What is required: From the records below, copy each line in which the string "ezdxf" occurs.
===== Records provided
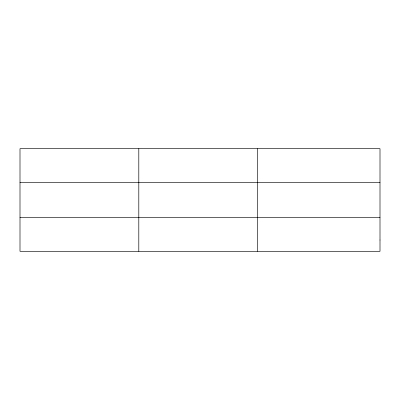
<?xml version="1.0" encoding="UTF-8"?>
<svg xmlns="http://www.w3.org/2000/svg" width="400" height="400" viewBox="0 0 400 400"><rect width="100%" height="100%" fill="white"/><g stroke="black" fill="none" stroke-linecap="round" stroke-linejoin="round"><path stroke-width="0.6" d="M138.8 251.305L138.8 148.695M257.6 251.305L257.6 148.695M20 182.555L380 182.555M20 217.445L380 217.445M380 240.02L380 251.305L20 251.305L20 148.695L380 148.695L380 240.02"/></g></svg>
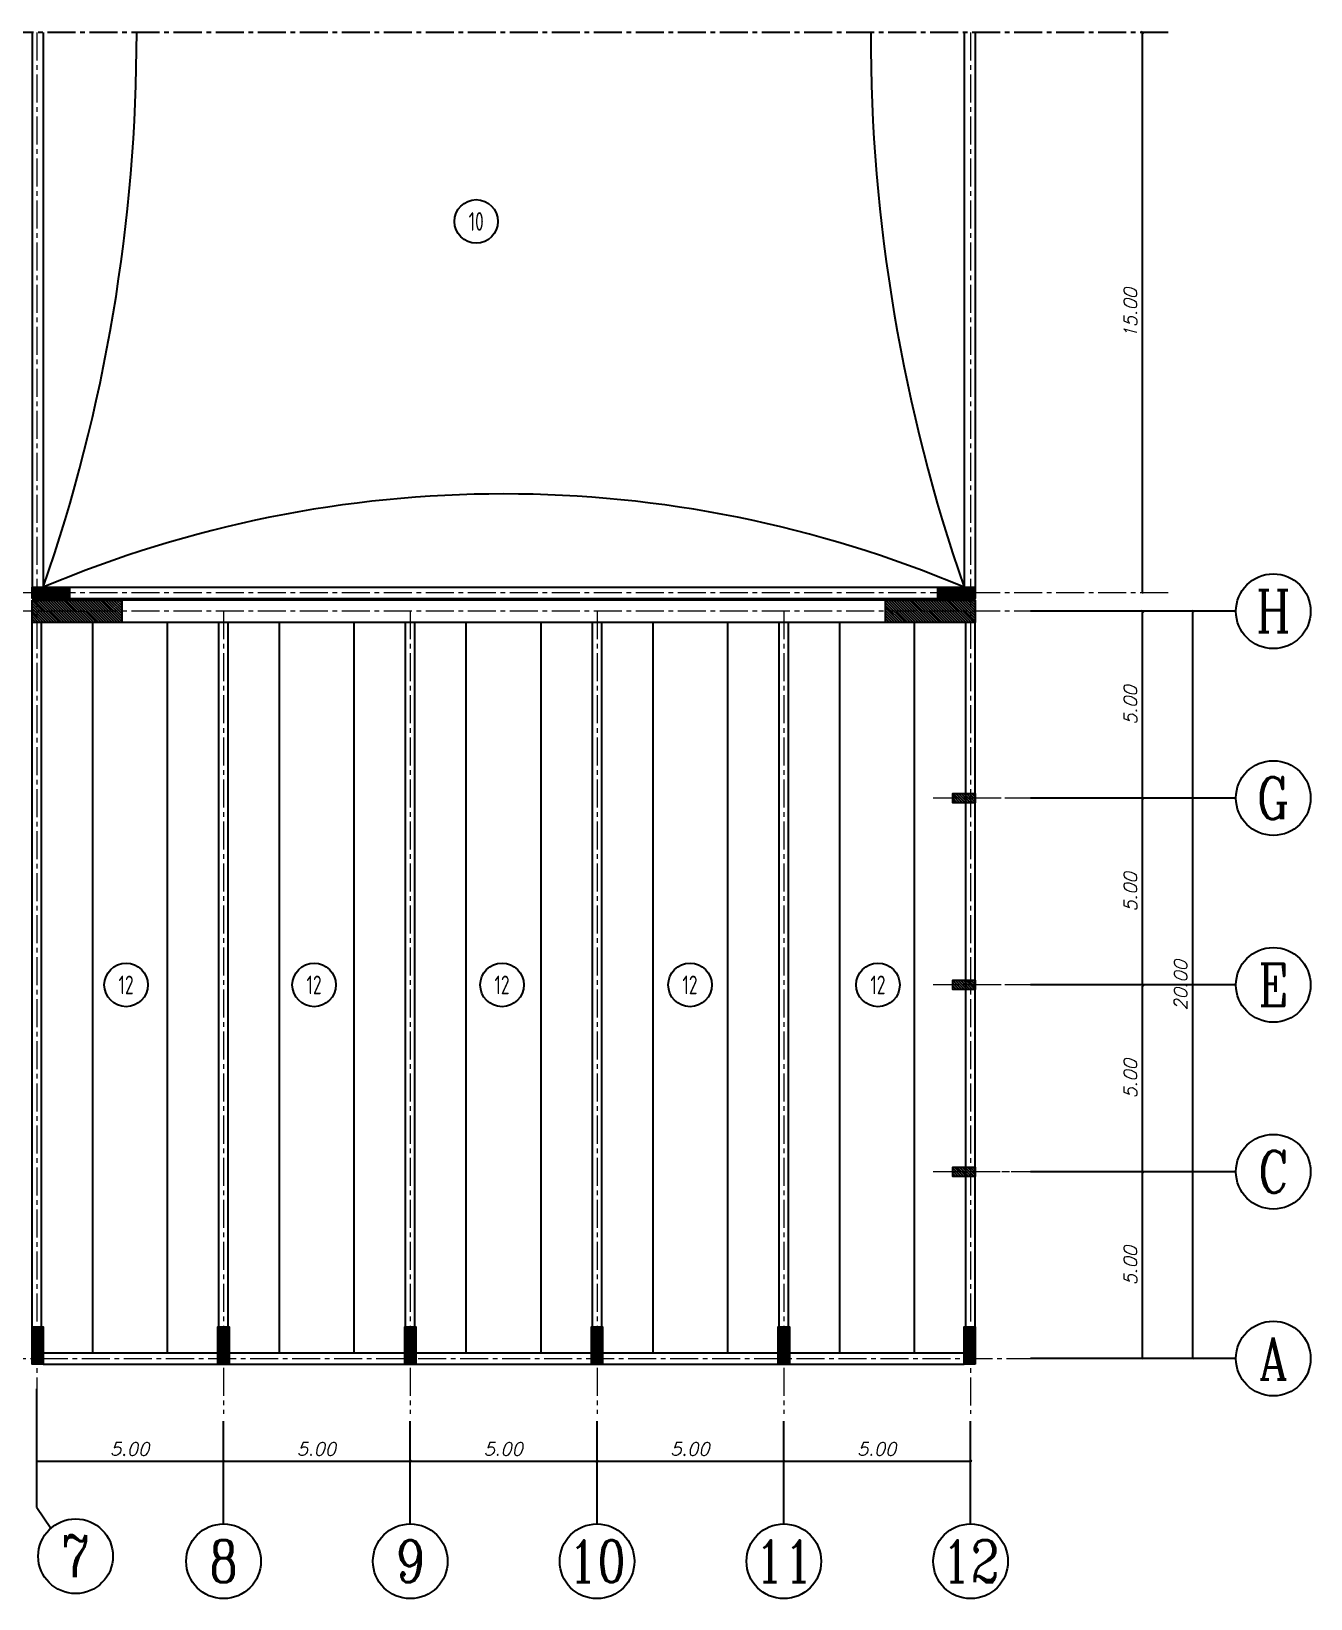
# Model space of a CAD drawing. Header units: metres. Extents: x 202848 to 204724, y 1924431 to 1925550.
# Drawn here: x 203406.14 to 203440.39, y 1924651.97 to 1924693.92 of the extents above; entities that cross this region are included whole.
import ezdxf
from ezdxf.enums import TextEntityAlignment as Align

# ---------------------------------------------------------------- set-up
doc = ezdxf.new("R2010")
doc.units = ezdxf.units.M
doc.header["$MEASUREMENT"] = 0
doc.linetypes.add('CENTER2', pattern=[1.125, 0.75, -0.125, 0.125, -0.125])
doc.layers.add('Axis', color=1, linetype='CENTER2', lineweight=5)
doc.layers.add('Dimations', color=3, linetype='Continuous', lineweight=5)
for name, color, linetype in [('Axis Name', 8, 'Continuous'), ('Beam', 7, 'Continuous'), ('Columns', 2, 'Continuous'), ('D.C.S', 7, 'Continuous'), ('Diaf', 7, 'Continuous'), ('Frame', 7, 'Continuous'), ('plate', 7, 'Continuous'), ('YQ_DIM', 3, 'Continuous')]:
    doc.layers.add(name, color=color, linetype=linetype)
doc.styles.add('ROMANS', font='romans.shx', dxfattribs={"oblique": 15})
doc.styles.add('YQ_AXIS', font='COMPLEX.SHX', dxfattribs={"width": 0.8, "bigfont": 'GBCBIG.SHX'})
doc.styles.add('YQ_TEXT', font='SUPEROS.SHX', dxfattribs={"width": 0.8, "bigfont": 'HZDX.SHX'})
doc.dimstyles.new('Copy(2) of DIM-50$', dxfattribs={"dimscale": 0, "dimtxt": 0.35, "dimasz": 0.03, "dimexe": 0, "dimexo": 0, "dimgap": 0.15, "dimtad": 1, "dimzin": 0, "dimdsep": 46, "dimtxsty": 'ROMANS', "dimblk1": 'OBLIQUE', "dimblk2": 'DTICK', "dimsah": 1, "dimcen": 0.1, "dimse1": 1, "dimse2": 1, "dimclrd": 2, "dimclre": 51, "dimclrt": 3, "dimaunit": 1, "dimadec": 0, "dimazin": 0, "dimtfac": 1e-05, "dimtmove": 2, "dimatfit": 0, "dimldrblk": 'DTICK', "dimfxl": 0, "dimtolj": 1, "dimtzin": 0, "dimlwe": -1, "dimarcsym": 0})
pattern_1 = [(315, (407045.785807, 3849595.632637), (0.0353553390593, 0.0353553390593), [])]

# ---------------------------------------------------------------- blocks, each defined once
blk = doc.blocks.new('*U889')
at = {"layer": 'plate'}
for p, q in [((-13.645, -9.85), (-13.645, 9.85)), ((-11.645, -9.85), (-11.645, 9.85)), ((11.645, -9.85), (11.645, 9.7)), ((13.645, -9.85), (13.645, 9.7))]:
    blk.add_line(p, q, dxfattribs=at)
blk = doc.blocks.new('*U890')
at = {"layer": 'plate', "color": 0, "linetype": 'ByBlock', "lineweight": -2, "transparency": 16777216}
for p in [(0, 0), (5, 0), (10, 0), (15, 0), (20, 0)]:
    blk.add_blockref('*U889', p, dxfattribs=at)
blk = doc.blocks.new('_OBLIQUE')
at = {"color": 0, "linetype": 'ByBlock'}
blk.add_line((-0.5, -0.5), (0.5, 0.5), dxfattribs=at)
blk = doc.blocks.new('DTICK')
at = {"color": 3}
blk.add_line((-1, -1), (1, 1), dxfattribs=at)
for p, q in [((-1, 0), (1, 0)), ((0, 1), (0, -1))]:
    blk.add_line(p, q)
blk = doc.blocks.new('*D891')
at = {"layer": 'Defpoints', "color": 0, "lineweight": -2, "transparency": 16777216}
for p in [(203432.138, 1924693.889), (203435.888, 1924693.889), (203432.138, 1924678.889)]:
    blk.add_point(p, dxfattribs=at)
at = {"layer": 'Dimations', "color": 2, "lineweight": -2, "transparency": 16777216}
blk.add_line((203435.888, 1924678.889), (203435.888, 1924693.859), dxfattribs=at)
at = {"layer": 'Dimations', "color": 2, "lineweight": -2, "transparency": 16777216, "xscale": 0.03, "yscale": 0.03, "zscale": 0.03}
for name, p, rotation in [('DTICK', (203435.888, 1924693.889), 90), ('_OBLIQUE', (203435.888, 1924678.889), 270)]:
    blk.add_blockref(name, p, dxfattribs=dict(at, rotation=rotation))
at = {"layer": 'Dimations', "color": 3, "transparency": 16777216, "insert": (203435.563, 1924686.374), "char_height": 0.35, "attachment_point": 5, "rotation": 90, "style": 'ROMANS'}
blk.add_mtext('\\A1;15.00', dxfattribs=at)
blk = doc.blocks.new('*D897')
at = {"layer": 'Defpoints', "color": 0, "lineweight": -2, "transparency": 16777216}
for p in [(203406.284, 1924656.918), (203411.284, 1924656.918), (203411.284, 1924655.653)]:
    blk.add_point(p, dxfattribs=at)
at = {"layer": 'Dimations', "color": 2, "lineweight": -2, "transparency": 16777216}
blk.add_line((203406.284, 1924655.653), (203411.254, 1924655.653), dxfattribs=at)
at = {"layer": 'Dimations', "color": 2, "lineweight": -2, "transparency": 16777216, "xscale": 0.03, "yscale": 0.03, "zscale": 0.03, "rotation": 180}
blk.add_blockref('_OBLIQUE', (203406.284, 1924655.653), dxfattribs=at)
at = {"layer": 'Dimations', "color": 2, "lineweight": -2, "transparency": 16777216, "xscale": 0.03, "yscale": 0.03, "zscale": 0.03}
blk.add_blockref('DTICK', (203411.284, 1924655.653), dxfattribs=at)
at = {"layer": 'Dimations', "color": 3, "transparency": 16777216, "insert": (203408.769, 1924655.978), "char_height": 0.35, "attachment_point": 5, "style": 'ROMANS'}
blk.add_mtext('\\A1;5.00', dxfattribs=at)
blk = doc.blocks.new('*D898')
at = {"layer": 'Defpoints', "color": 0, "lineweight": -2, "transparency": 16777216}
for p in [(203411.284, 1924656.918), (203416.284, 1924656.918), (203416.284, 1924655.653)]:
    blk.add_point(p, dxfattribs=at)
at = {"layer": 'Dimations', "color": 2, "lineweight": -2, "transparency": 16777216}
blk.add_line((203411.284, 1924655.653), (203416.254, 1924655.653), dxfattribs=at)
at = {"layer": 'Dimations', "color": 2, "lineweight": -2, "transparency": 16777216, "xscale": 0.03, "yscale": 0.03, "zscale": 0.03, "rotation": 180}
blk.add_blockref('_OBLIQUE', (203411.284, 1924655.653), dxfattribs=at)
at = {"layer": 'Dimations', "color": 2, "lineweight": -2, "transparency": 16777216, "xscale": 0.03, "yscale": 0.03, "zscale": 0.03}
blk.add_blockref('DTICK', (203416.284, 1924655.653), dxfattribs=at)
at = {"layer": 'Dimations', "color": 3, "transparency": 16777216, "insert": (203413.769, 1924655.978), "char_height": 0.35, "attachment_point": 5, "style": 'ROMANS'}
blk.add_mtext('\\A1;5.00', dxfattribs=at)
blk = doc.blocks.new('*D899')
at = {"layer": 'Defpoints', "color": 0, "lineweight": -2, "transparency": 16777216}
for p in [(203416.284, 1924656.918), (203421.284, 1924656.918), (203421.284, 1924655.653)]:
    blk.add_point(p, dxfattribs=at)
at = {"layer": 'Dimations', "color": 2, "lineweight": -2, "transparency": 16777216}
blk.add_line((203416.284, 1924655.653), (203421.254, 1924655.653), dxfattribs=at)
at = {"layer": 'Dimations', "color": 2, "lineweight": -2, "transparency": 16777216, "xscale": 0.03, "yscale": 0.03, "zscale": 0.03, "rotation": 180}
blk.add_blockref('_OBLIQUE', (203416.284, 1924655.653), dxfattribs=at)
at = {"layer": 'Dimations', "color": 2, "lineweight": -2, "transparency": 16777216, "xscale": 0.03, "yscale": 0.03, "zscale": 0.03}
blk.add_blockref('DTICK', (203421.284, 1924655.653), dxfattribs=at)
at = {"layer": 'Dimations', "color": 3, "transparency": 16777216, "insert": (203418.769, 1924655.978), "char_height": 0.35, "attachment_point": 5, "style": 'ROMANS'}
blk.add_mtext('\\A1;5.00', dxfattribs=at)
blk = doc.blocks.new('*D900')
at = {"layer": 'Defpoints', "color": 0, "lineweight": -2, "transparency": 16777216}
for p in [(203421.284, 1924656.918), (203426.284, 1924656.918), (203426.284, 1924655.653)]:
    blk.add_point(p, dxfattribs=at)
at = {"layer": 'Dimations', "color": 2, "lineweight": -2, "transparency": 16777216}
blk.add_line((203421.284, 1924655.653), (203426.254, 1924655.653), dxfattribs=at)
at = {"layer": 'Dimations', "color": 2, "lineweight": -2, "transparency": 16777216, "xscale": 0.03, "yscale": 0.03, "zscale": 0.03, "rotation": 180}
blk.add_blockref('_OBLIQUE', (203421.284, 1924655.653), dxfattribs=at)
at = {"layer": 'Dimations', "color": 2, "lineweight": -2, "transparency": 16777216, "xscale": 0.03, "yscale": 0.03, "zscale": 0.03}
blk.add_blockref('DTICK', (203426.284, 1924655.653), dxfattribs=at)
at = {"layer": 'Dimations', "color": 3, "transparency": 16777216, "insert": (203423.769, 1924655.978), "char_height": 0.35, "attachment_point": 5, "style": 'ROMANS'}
==========
Task output:
import ezdxf
from ezdxf.enums import TextEntityAlignment as Align
doc = ezdxf.new("R2010")
doc.units = ezdxf.units.M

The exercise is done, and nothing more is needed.